Subject: Fwd: Invest in your wang!
[Message content deleted in adherence to basic standards of taste and decency.]
Dear Ms. Bravo:
I am writing in response to your e-mail message of the 24th – a thousand thanks for forwarding the information to me (and for forwarding it a thousand times, no less)! First of all, I have to tell you that the idea is certainly an intriguing one. I have spent a lifetime thinking about my wang, and yet never once has it occurred to me that I might invest in it. A little voice is telling me that your idea holds the very key to my future. And yet, having reviewed your "prospectus" – which consists principally of what I will politely call smut – I am inclined instead to seek the counsel of a professional financial advisor, in addition to an accredited urologist, before I make this potentially life-changing investment.
Yours sincerely, etc. etc.
Spam Message Example #3
Subject: YOUR E-MAIL ID WON YOU THE PRIZE
Reply: Thank you, thank you very much, thank you. O my gosh, that's -- that's great, thank you. First of all, I would like to thank the judges who selected my e-mail out of the billions on the planet competing for this prestigious fake award. I must confess that my e-mail address was not something chosen lightly, but rather the subject of careful consideration on my part (whatever that means). I knew it would have to stand out from among billions and it was carefully constructed to catch the eye of the judges, albeit in a good way. Still, I never expected to receive recognition for my impossibly clever choice, and so on and so forth, and it is only too gratifying to write these words as a first draft of my acceptance speech, just kind of spit it all out here, the long hours reviewing other e-mail addresses to analyze what type of address I could choose that would really have the maximum impact, the sleepness lights agonizing over those final three choices, the moment along the Snake River when a brace of elk drank from the nape of my neck, putting the last nail in the coffin of my final decision, making it clear this was a special e-mail moniker, one that would inevitably be so recognized by the selection committee, made up as it is of glorious individuals oozing wisdom and cantankerous for justice, the best and brightest of the best and brightest, Emmy winners all, and so on and so forth, ad nauseum, ad rectum.
Spam Sample Message # 4
Subject: Have a concrete thing in your pants
Reply: Thanks for your message, but (at the risk of annoying) I must ask for more concrete information. Still, at first glance I have to say that it sounds good, as lo these many years my pants have contained only the vaguest notions. To have something a little more solid down there, something you couldn’t sink your teeth into, so to speak, might be just what I need. Please alleviate my concerns about the weight issue: how heavy will the concrete thing in my pants be? Where precisely will it be located? Who will take responsibility for its cleaning and maintenance? And ultimately I have to ask, would a concrete penis be all it was cracked up to be?
Spam and Eggs-Ample #5
From: Dina Sterling
Subj: Eliminate rod’s flaccidity
Reply: I'll take it under consideration, Dina, but my first reaction is that to completely eliminate rod's flaccidity may be going too far in one direction. You must see that some degree of rod's flaccidity must be maintained, I mean I still have to keep my job. The real question is, what is the appropriate percentage for maximum comfort and safety?
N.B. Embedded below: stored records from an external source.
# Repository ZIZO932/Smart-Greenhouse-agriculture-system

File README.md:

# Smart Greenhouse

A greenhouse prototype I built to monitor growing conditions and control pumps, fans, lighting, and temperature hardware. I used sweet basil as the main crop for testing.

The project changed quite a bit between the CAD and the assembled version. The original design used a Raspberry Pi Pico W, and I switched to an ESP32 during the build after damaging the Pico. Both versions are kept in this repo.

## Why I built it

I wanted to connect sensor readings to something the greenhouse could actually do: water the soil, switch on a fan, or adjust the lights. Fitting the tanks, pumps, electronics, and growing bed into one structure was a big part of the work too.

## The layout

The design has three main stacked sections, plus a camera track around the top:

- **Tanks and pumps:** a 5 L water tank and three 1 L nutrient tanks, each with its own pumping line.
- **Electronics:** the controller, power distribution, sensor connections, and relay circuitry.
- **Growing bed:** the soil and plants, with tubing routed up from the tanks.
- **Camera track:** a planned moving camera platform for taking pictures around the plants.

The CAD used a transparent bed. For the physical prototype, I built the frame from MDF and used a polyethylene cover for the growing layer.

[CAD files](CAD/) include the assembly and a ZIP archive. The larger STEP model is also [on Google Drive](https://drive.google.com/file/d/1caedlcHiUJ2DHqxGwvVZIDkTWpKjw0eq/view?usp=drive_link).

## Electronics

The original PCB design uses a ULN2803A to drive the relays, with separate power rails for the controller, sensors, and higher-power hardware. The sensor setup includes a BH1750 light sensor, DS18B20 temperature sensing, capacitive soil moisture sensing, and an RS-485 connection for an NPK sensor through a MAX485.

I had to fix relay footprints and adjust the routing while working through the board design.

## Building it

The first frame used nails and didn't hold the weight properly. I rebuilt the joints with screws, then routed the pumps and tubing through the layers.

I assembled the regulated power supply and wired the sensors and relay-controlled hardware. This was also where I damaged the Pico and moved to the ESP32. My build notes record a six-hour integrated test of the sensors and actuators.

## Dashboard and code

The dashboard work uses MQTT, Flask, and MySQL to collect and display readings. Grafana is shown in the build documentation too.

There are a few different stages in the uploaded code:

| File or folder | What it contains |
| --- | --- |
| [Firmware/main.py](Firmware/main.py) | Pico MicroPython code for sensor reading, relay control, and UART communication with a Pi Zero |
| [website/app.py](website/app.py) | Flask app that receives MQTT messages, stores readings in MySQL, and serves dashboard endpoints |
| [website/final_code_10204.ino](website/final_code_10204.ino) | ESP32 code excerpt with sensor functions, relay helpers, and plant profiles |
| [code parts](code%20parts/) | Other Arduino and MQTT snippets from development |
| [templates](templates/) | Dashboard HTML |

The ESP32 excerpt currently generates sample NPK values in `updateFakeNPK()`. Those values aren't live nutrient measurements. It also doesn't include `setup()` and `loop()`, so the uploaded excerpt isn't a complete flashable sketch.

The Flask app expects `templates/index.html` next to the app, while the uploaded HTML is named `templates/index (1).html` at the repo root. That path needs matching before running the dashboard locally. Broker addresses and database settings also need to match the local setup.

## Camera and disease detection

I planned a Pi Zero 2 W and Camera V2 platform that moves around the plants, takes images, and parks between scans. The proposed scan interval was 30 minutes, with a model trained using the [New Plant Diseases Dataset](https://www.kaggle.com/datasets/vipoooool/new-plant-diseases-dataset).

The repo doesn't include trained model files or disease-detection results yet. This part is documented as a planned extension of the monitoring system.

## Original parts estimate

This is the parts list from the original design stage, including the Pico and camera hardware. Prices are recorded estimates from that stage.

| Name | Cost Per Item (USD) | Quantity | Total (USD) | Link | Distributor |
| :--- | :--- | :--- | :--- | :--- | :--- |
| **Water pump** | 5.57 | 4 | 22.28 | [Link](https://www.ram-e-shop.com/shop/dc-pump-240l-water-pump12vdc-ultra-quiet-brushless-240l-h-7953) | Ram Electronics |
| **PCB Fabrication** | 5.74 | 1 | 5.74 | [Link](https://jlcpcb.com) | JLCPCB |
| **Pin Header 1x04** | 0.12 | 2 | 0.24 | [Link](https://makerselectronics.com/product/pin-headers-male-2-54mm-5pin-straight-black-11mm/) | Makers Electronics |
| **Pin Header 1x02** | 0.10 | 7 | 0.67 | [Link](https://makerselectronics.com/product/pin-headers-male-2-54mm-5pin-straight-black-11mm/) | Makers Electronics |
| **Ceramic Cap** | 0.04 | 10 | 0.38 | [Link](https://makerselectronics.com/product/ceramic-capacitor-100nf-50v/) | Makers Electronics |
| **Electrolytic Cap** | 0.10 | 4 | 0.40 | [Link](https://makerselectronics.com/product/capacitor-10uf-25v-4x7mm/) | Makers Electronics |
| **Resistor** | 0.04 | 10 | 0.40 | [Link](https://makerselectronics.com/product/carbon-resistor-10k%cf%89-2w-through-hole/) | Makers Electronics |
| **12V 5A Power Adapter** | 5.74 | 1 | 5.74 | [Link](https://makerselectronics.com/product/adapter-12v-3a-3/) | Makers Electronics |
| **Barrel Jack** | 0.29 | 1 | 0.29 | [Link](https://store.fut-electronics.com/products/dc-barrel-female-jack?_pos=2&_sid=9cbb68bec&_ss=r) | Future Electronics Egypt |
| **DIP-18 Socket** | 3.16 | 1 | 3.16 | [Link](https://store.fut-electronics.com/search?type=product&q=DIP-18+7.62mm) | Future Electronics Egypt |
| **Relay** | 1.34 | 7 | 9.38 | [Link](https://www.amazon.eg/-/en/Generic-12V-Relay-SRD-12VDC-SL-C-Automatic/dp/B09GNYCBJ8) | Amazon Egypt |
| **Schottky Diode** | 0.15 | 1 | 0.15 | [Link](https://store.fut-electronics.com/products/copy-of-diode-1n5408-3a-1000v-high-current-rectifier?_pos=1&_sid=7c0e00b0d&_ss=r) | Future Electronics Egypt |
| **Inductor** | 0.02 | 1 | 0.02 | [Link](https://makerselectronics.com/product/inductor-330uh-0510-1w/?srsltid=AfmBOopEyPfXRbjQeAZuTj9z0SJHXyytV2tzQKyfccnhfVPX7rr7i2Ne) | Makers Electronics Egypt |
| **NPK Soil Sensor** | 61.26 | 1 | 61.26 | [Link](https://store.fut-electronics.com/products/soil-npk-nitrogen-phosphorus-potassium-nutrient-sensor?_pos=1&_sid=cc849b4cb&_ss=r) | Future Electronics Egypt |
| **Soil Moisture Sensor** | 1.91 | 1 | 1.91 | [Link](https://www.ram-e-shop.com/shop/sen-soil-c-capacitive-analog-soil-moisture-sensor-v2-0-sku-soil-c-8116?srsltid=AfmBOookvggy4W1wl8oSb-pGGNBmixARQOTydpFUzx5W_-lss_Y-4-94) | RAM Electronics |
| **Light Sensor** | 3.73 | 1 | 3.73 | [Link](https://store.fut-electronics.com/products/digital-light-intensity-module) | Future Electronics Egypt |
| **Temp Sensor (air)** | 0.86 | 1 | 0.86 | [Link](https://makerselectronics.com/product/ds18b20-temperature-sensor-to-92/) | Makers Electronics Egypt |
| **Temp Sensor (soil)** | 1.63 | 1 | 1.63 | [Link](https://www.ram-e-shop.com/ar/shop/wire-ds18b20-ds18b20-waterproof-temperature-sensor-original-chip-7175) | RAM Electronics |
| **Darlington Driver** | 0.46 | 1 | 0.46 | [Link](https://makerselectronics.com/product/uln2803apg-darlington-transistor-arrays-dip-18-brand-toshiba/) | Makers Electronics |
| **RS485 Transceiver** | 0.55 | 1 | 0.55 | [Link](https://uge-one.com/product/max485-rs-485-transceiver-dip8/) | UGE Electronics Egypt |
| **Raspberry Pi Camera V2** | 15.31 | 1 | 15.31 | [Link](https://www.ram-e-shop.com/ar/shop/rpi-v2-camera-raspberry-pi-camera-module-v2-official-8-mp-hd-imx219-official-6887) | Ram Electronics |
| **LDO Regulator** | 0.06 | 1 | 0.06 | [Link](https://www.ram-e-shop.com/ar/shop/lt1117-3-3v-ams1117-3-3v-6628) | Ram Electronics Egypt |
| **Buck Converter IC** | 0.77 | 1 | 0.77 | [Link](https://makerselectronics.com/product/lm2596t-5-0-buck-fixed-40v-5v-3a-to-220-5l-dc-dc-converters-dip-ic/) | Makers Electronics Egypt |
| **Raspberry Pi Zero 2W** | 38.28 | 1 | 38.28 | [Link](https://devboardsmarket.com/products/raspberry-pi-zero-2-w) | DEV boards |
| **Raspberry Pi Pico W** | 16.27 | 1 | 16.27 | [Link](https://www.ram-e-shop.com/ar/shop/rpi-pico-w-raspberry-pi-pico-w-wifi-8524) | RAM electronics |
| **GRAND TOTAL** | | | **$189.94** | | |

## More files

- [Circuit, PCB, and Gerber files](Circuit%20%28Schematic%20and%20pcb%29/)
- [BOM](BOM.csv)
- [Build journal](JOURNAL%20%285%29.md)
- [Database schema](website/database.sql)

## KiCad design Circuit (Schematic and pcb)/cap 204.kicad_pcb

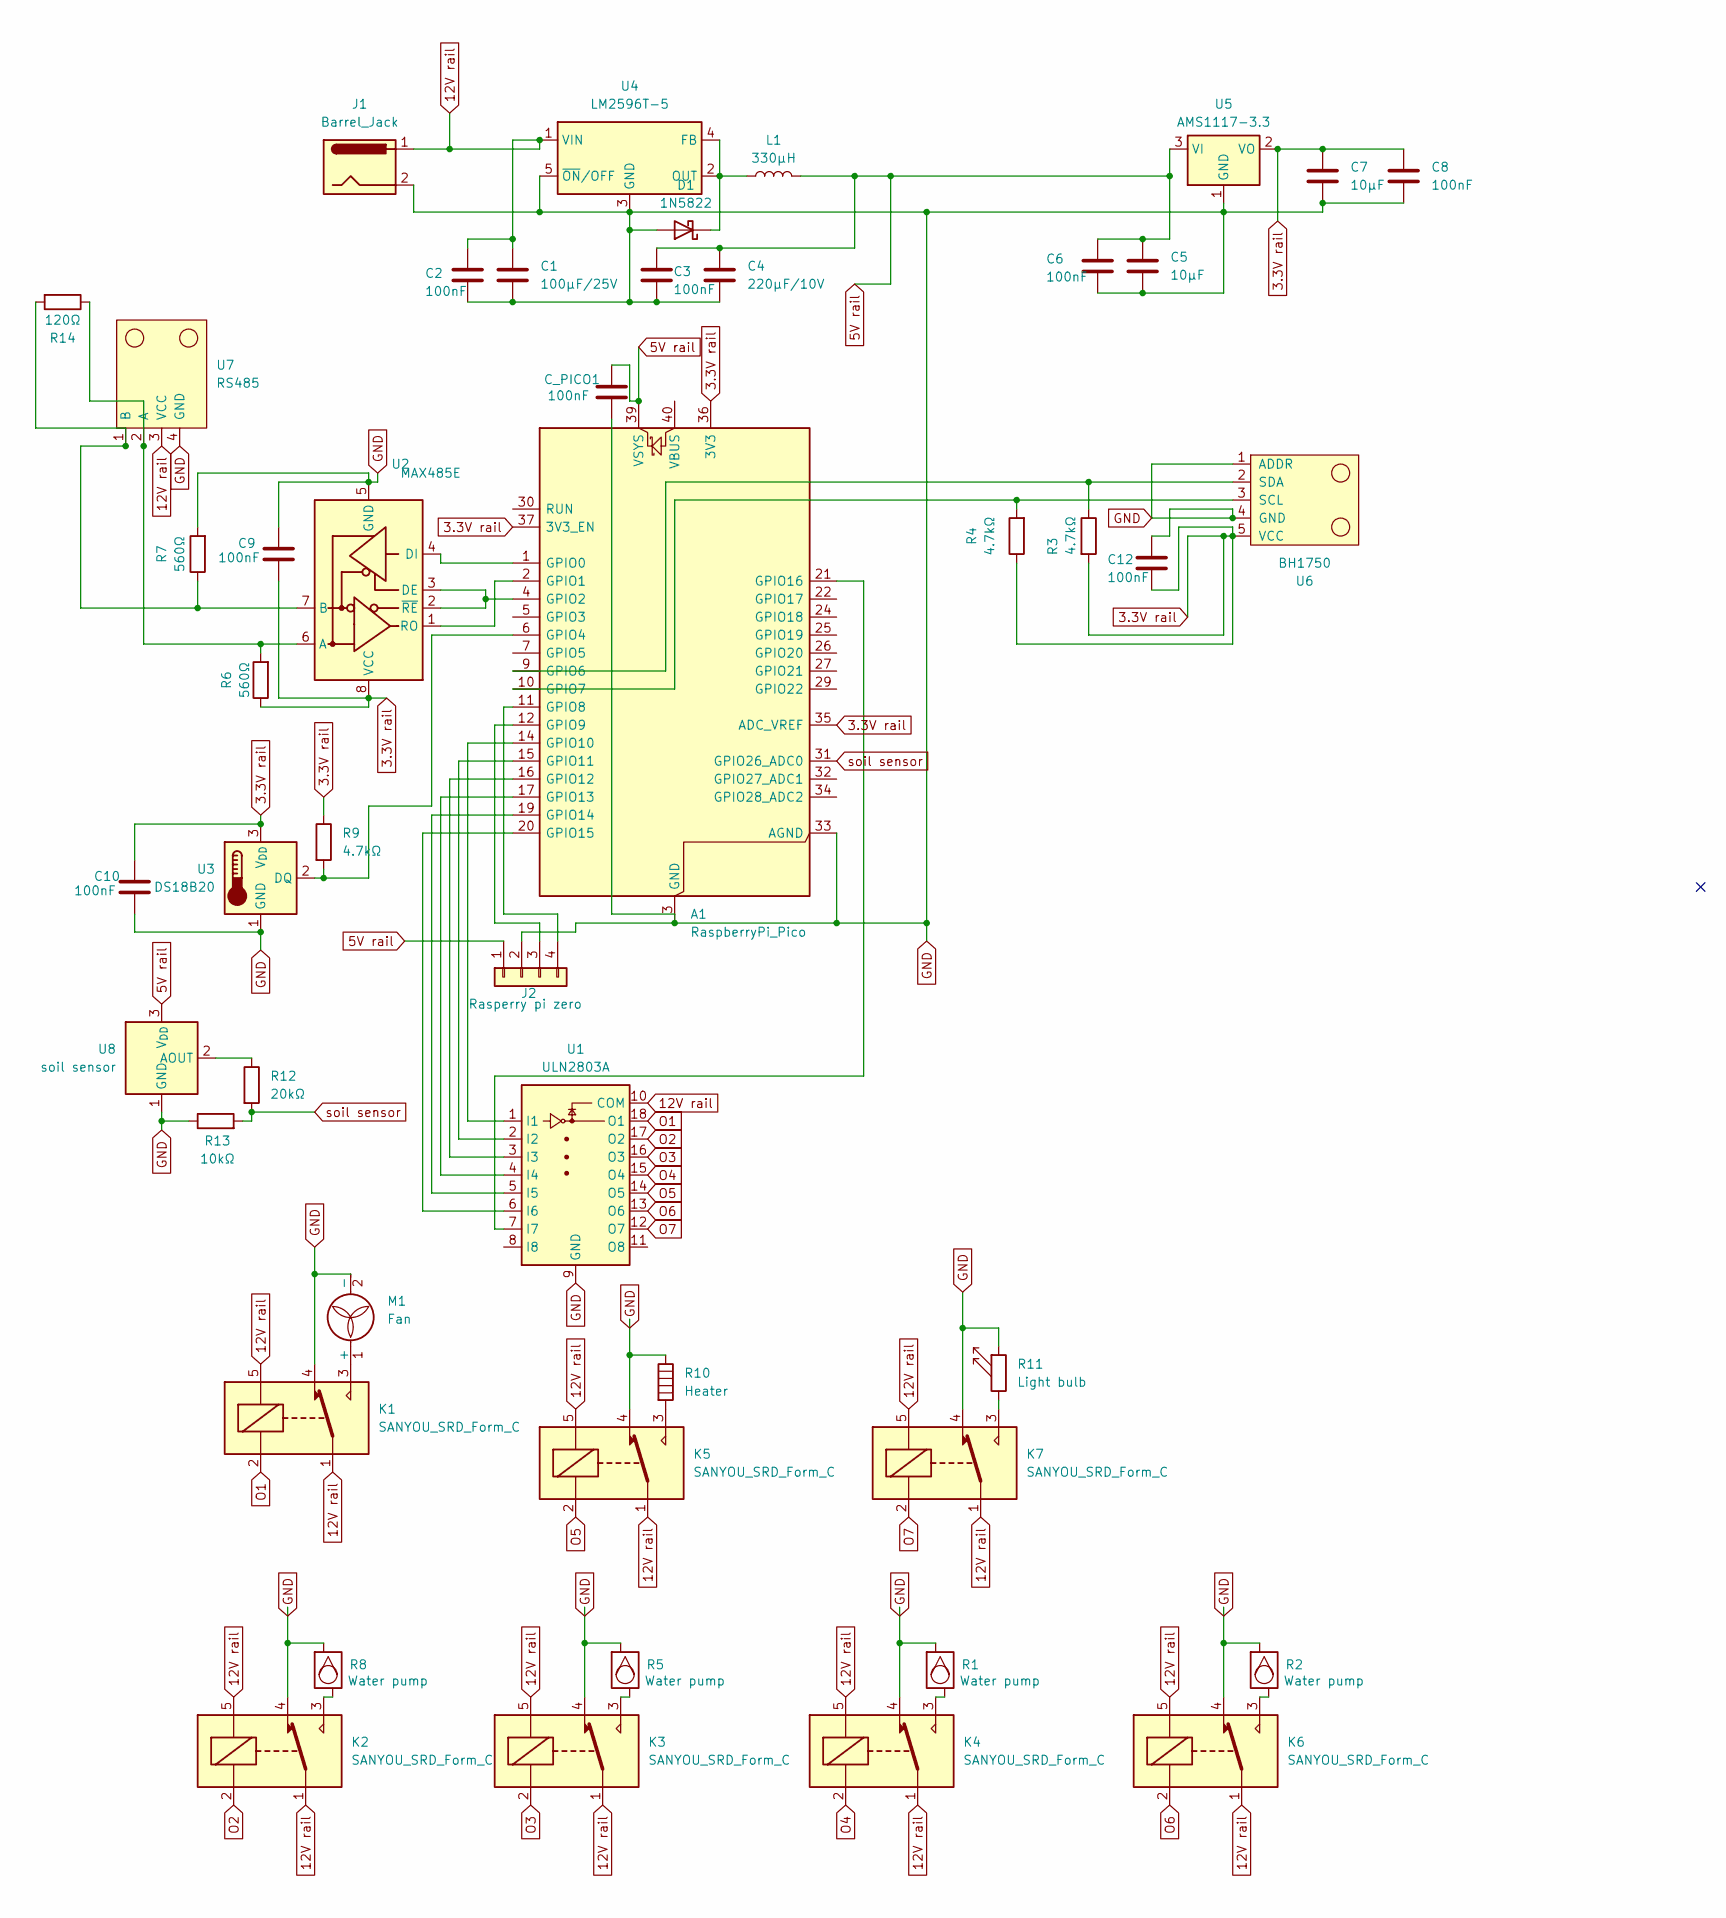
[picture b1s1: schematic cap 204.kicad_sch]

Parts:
A1: RaspberryPi_Pico; RaspberryPi_Pico_Common_Unspecified
C1: 100µF/25V; CP_Radial_D6.3mm_P2.50mm
C2, C3, C6, C8, C9, C10, C12: 100nF; C_Disc_D3.0mm_W1.6mm_P2.50mm
C4: 220µF/10V; CP_Radial_D8.0mm_P3.50mm
C5, C7: 10µF; CP_Radial_D5.0mm_P2.50mm
C_PICO1: 100nF; C_Disc_D3.0mm_W1.6mm_P2.50mm
D1: 1N5822; D_DO-201AD_P15.24mm_Horizontal
J1: Barrel_Jack; L_Axial_L7.0mm_D3.3mm_P10.16mm_Horizontal_Fastron_MICC
J2: Rasperry pi zero; PinHeader_1x04_P2.54mm_Vertical
K1, K2, K3, K4, K5, K6, K7: SANYOU_SRD_Form_C; Relay_SPDT_SANYOU_SRD_Series_Form_C
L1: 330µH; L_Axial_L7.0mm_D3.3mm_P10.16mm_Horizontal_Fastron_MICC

Subj: Is the SIZE of your penis enough for you?
Reply: No, the size of my penis is not enough for me. There was a time when it may have been enough, when I felt cocksure that the dimensions of my schlong would open doors for me, but I have come to see the light: the size of my penis has approximately zero impact on my happiness. In light of this, I ask: When (in heaven’s name) will you and your spambot armies stop pestering me about the size of my penis? When will the SIZE of my penis be enough, for YOU?